Erst mal hallo an alle ich bin hier neu und hoffe ich verstosse hier nicht gleich gegen irgendwelche regeln. so meine frage ich wollte mir einen komplett pc kaufen. genauergesagt das PC Games Hardware Ultimate-PC GTX680-Edition W7HP64 system. selbstzusammenbau kommt nicht in frage habe ich zwar schonmal erfolgreich gemacht hat mich aber zuviel zeit und nerven gekostet. also bitte keine ratschläge das es anders billiger wäre das ist mir schon klar. also wie erwähnt wollte ich mir dieses system kaufen und gegen ende des jahres eine geforce titan einbauen. spielen möchte ich in 1080p mit allen details und aa. hat irgendjemand schon erfahrungen mit dem system gerade was crysis 3 und far cry 3 belangt ( die würde ich im notfall auch in 1600 und vollen details spielen bis ich die titan mein eigen nenne). ist hier flüssiges spielen möglich und ist der pc zukunftssicher. wo ich auch bedenken habe ist das netzteil ob es für die titan ausreicht laut alternate ja. würde mich über schnelle antworten freuen da ich mir recht schnell einen neuen pc zulegen möchte.


----------



## Herbboy (20. März 2013)

ALso, ich kenn die genaueren Daten nicht, aber wenn die Redaktion da was zusammenstellt mit ner GTX 680, dann ist da auch 100pro eine gute CPU und genug RAM usw. dabei - das passt also.

Und eine Titan wirst Du mit Sicherheit nie benötigen, selbst eine GTX 680 ist an sich schon "zu viel" - da würd ich einfach mal irgendwann, wenn Spiele nicht mehr so gut laufen, eine Karte kaufen, die DANN wieder "Oberklasse" ist. 

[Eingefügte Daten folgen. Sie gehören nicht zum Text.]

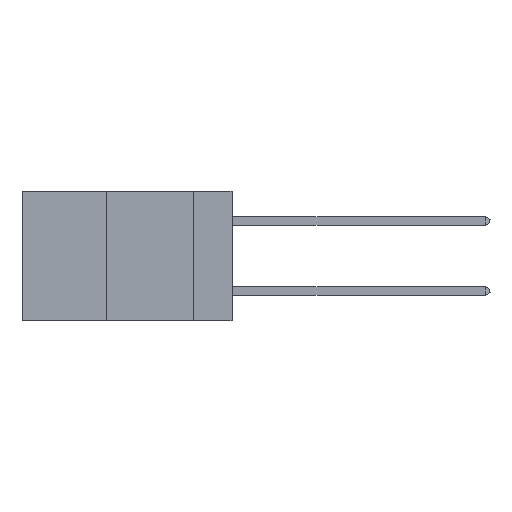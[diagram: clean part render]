
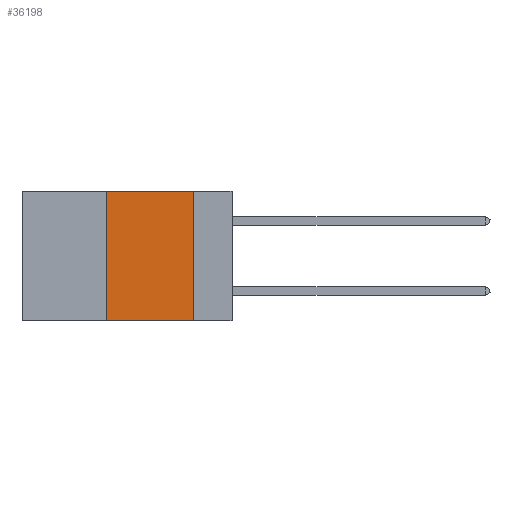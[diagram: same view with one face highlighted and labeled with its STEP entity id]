
A CAD part, left-side view. The second image highlights one B-rep face of the part: STEP entity #36198.
In plain terms, the highlighted planar face has unit normal (-1, 0, 0).
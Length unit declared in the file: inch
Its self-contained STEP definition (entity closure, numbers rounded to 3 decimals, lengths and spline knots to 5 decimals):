
#1165 = CARTESIAN_POINT ( 'NONE',  ( 0., 0.6, 0. ) ) ;
#2737 = EDGE_CURVE ( 'NONE', #26339, #12792, #14285, .T. ) ;
#3090 = VECTOR ( 'NONE', #10755, 39.37008 ) ;
#3440 = CARTESIAN_POINT ( 'NONE',  ( 0., 0.36, -0.37 ) ) ;
#3841 = LINE ( 'NONE', #37332, #26476 ) ;
#3878 = ORIENTED_EDGE ( 'NONE', *, *, #7452, .F. ) ;
#4339 = CARTESIAN_POINT ( 'NONE',  ( 0., 0.11, 0. ) ) ;
#5380 = DIRECTION ( 'NONE',  ( 1., 0., 0. ) ) ;
#7170 = VECTOR ( 'NONE', #11374, 39.37008 ) ;
#7452 = EDGE_CURVE ( 'NONE', #26339, #9406, #3841, .T. ) ;
#7972 = ORIENTED_EDGE ( 'NONE', *, *, #29211, .F. ) ;
#8222 = CARTESIAN_POINT ( 'NONE',  ( 0., 0.36, 0. ) ) ;
#8885 = CARTESIAN_POINT ( 'NONE',  ( 0., 0.11, 0. ) ) ;
#9406 = VERTEX_POINT ( 'NONE', #8222 ) ;
#9815 = ORIENTED_EDGE ( 'NONE', *, *, #2737, .T. ) ;
#10554 = LINE ( 'NONE', #4339, #13070 ) ;
#10755 = DIRECTION ( 'NONE',  ( 0., -1., 0. ) ) ;
#11374 = DIRECTION ( 'NONE',  ( 0., -1., 0. ) ) ;
#12286 = VERTEX_POINT ( 'NONE', #8885 ) ;
#12792 = VERTEX_POINT ( 'NONE', #24418 ) ;
#13070 = VECTOR ( 'NONE', #37171, 39.37008 ) ;
#14285 = LINE ( 'NONE', #36882, #7170 ) ;
#14704 = CARTESIAN_POINT ( 'NONE',  ( 0., 0.6, 0. ) ) ;
#15767 = EDGE_CURVE ( 'NONE', #9406, #12286, #27681, .T. ) ;
#21017 = PLANE ( 'NONE',  #30019 ) ;
#24334 = DIRECTION ( 'NONE',  ( 0., 0., 1. ) ) ;
#24418 = CARTESIAN_POINT ( 'NONE',  ( 0., 0.11, -0.37 ) ) ;
#26339 = VERTEX_POINT ( 'NONE', #3440 ) ;
#26476 = VECTOR ( 'NONE', #24334, 39.37008 ) ;
#27482 = FACE_OUTER_BOUND ( 'NONE', #31627, .T. ) ;
#27681 = LINE ( 'NONE', #1165, #3090 ) ;
#29211 = EDGE_CURVE ( 'NONE', #12286, #12792, #10554, .T. ) ;
#30019 = AXIS2_PLACEMENT_3D ( 'NONE', #14704, #5380, #34002 ) ;
#31627 = EDGE_LOOP ( 'NONE', ( #7972, #41193, #3878, #9815 ) ) ;
#34002 = DIRECTION ( 'NONE',  ( 0., 0., -1. ) ) ;
#36198 = ADVANCED_FACE ( 'NONE', ( #27482 ), #21017, .F. ) ;
#36882 = CARTESIAN_POINT ( 'NONE',  ( 0., 0.6, -0.37 ) ) ;
#37171 = DIRECTION ( 'NONE',  ( 0., 0., -1. ) ) ;
#37332 = CARTESIAN_POINT ( 'NONE',  ( 0., 0.36, 0. ) ) ;
#41193 = ORIENTED_EDGE ( 'NONE', *, *, #15767, .F. ) ;

Vor allem lass Dich nicht von Spielen irre machen, die vielleicht zu reinen Demozwecken nen grafikmodus bieten, der erst mit ner 1000€-Karte gut läuft - dieser Modus sieht unter Garantie beim Spielen nicht besser aus als ein Modus, der mit ner 300€_Karte problemlos läuft...


----------



## KamatA (20. März 2013)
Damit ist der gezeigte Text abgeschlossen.